Records from a data source
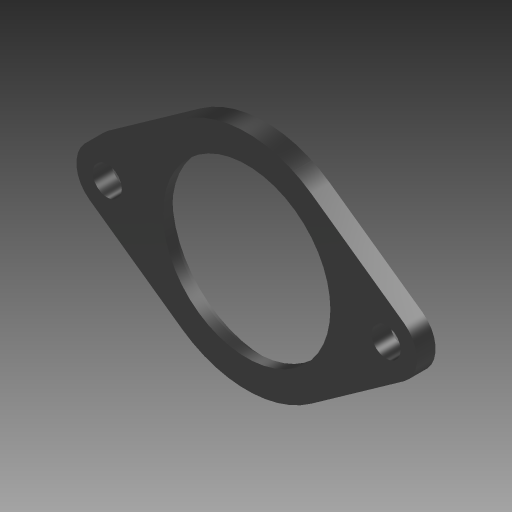
# Autodesk Inventor part: Bearing Retainer
Saved by Autodesk Inventor 2023 (Build 270158000, 158)
## iProperties
Created: 2022-07-04
Part Number: Bearing Retainer
Material: Aluminum 6061
Document SubType Name: Modeling
Designer: Max Boord
Mass: 5.91558 g
Surface Area: 23.905 cm^2
Volume: 2.19095 cm^3
Density: 2.7 g/cm^3
Appearance: Glossy - Black
Mass: 6.49248 g
Surface Area: 26.4386 cm^2
Volume: 2.40462 cm^3
Author: Max Boord
Autodesk Inventor part; units mm, degrees
ref_plane "YZ Plane" through (0, 0, 0) normal (1, 0, 0) x (0, 1, 0)
ref_plane "XZ Plane" through (0, 0, 0) normal (0, 1, 0) x (-1, 0, 0)
ref_plane "XY Plane" through (0, 0, 0) normal (0, 0, 1) x (1, 0, 0)
sketch "Sketch1" plane through (0, 0, 0) normal (0, 0, 1) x (1, 0, 0)
  circle A0 centre (0, 0) radius 15.875
  circle A1 centre (0, 0) radius 19.05
  circle A2 centre (-23.8125, 0) radius 2.4892
  circle A3 centre (-23.8125, 0) radius 5.2705
  line L0 (-26.8624, 4.2984) -> (-11.0236, 15.5365)
  line L1 (-26.8624, -4.2984) -> (-11.0236, -15.5365)
  line L2 (0, 0) -> (0, 8.9484)
  circle A4 centre (23.8125, 0) radius 2.4892
  circle A5 centre (23.8125, 0) radius 5.2705
  line L3 (26.8624, 4.2984) -> (11.0236, 15.5365)
  line L4 (26.8624, -4.2984) -> (11.0236, -15.5365)
  circle A6 centre (0, 0) radius 14.2875
  point P0 (11.0236, -15.5365)
  point P1 (11.0236, 15.5365)
  dimension "d0" = 31.75
  dimension "d1" = 3.175
  dimension "d2" = 4.9784
  dimension "d3" = 10.541
  dimension "d4" = 47.625
  dimension "d5" = 28.575
  constraints: 10 end point, 7 centre point, 6 point on circle, 5 symmetric about line, 4 tangent, 1 coincident, 1 horizontal alignment, 1 vertical, 2 other
  measures "d0" diameter of A0
  measures "d1" radial gap between concentric circles of A0 A1
  measures "d2" diameter of A2
  measures "d3" diameter of A3
  measures "d4" diameter of A2.centre L2
  measures "d5" diameter of A6
extrude "Extrusion1" add sketch "Sketch1" along normal blind 1.5875 contours A0 | A1 A5 A3 | L3 A5 A1 | A1 A3 L0 | A5 A1 | A1 A5 | A3 A1 | A1 A3 | A5 L4 A1 | A1 L1 A3
extrude "Extrusion2" add sketch "Sketch1" against normal blind 1.5875 contours A1 A5 A3 | L3 A5 A1 | A1 A3 L0 | A5 A1 | A1 A5 | A3 A1 | A1 A3 | A5 L4 A1 | A1 L1 A3
body "Solid1"
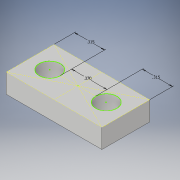
# Autodesk Inventor part: Rectangular Top Washer v1.2
Saved by Autodesk Inventor 2019 (Build 230136000, 136)
## iProperties
Created: 2020-01-11
Part Number: Rectangular Top Washer v1.2
Material: Generic
Document SubType Name: Modeling
Designer: Obscure_Decision
Density: 1 g/cm^3
Appearance: Default
Author: Obscure_Decision
Autodesk Inventor part; units mm, degrees
ref_plane "YZ Plane" through (0, 0, 0) normal (1, 0, 0) x (0, 1, 0)
ref_plane "XZ Plane" through (0, 0, 0) normal (0, 1, 0) x (-1, 0, 0)
ref_plane "XY Plane" through (0, 0, 0) normal (0, 0, 1) x (1, 0, 0)
sketch "Spacer 2D" plane through (0, 0, 0) normal (0, 1, 0) x (-1, 0, 0)
  line L0 (0, -6.35) -> (26.162, -6.35) construction
  line L1 (13.0671, 0) -> (13.0671, -12.7) construction
  line L2 (25.7671, -12.7) -> (0.3671, -12.7)
  line L3 (0.3671, -12.7) -> (0.3671, 0)
  line L4 (0.3671, 0) -> (25.7671, 0)
  line L5 (25.7671, 0) -> (25.7671, -12.7)
  line L6 (25.7671, -12.7) -> (0.3671, 0) construction
  line L7 (0.3671, -12.7) -> (25.7671, 0) construction
  line L8 (13.081, -12.7) -> (13.081, 0) construction
  line L9 (25.7949, -12.7) -> (25.7949, 0) construction
  line L10 (17.78, -6.35) -> (24.8285, -6.35) construction
  line L11 (17.78, -6.35) -> (23.368, -6.35) construction
  circle A0 centre (20.574, -6.35) radius 2.794
  circle A1 centre (5.588, -6.35) radius 2.794
  line L12 (8.382, -6.35) -> (17.78, -6.35) construction
  line L13 (0.3949, 0) -> (0.3949, -12.7) construction
  line L14 (0.381, -12.7) -> (25.781, -12.7) construction
  line L15 (25.781, -12.7) -> (25.781, 0) construction
  line L16 (25.781, 0) -> (0.381, 0) construction
  line L17 (0.381, 0) -> (0.381, -12.7) construction
  line L18 (0.381, -12.7) -> (25.781, 0) construction
  line L19 (25.781, -12.7) -> (0.381, 0) construction
  point P0 (0, 0)
  point P1 (13.0671, -6.35)
  point P2 (13.081, -6.35)
  dimension "d17" = 25.4
  dimension "d18" = 12.7
  dimension "d31" = 5.588
  dimension "d32" = 9.398
  dimension "d33" = 8.001
  dimension "d34" = 8.001
  dimension "d35" = 2.4269
  dimension "d36" = 2.4269
  constraints: 40 end point, 7 midpoint, 4 parallel, 3 horizontal, 2 horizontal alignment, 2 perpendicular, 1 point on line, 1 symmetric about line, 1 vertical, 4 other
  measures "d17" distance of L3.end L4.end
  measures "d18" distance of L4.end L2.start
  measures "d31" distance of L10.start L11.end
  measures "d32" distance of L12.start L10.start
  measures "d33" distance from line of L17 L12.start
  measures "d34" distance from line of L15 L10.start
  measures "d35" distance from line of L11.end L9
extrude "Spacer Body" add sketch "Spacer 2D" along normal blind 5.08 contours L2 L3 L4 L5 | A0 | A1
sketch "Spacer Circles" plane through (0, 5.08, 0) normal (0, 1, 0) x (1, 0, 0)
  line L0 (-13.0949, 0) -> (-13.0949, 12.7) construction
  line L1 (-0.3671, 0) -> (-0.3671, 12.7) construction
  circle A0 centre (-5.6019, 6.35) radius 2.794
  circle A1 centre (-20.5879, 6.35) radius 2.794
  line L2 (-17.7939, 6.35) -> (-8.3959, 6.35) construction
  line L3 (-25.7671, 12.7) -> (-25.7671, 0) construction
  line L4 (-25.7949, 0) -> (-0.3949, 0) construction
  line L5 (-0.3949, 0) -> (-0.3949, 12.7) construction
  line L6 (-0.3949, 12.7) -> (-25.7949, 12.7) construction
  line L7 (-25.7949, 12.7) -> (-25.7949, 0) construction
  line L8 (-25.7949, 0) -> (-0.3949, 12.7) construction
  line L9 (-0.3949, 0) -> (-25.7949, 12.7) construction
  point P0 (-13.0949, 6.35)
  dimension "d26" = 9.398
  dimension "d29" = 8.001
  dimension "d30" = 8.001
  constraints: 16 end point, 3 midpoint, 2 horizontal, 2 horizontal alignment, 2 parallel, 1 perpendicular, 1 symmetric about line, 1 vertical, 4 other
  measures "d26" distance of L2.start L2.end
  measures "d29" distance from line of L7 L2.start
  measures "d30" distance from line of L5 L2.end
extrude "Spacer Holes" cut sketch "Spacer Circles" against normal blind 10.16
equation "\"d36\" = d35"
body "Solid1"

■ Task to carry out
Above are the entries. Copy exactly the part that opens with the line containing "line L12 (8.382, -6.35)" and closes with the line containing "of L12.start L10.start", and no more.

■ Answer below
  line L12 (8.382, -6.35) -> (17.78, -6.35) construction
  line L13 (0.3949, 0) -> (0.3949, -12.7) construction
  line L14 (0.381, -12.7) -> (25.781, -12.7) construction
  line L15 (25.781, -12.7) -> (25.781, 0) construction
  line L16 (25.781, 0) -> (0.381, 0) construction
  line L17 (0.381, 0) -> (0.381, -12.7) construction
  line L18 (0.381, -12.7) -> (25.781, 0) construction
  line L19 (25.781, -12.7) -> (0.381, 0) construction
  point P0 (0, 0)
  point P1 (13.0671, -6.35)
  point P2 (13.081, -6.35)
  dimension "d17" = 25.4
  dimension "d18" = 12.7
  dimension "d31" = 5.588
  dimension "d32" = 9.398
  dimension "d33" = 8.001
  dimension "d34" = 8.001
  dimension "d35" = 2.4269
  dimension "d36" = 2.4269
  constraints: 40 end point, 7 midpoint, 4 parallel, 3 horizontal, 2 horizontal alignment, 2 perpendicular, 1 point on line, 1 symmetric about line, 1 vertical, 4 other
  measures "d17" distance of L3.end L4.end
  measures "d18" distance of L4.end L2.start
  measures "d31" distance of L10.start L11.end
  measures "d32" distance of L12.start L10.start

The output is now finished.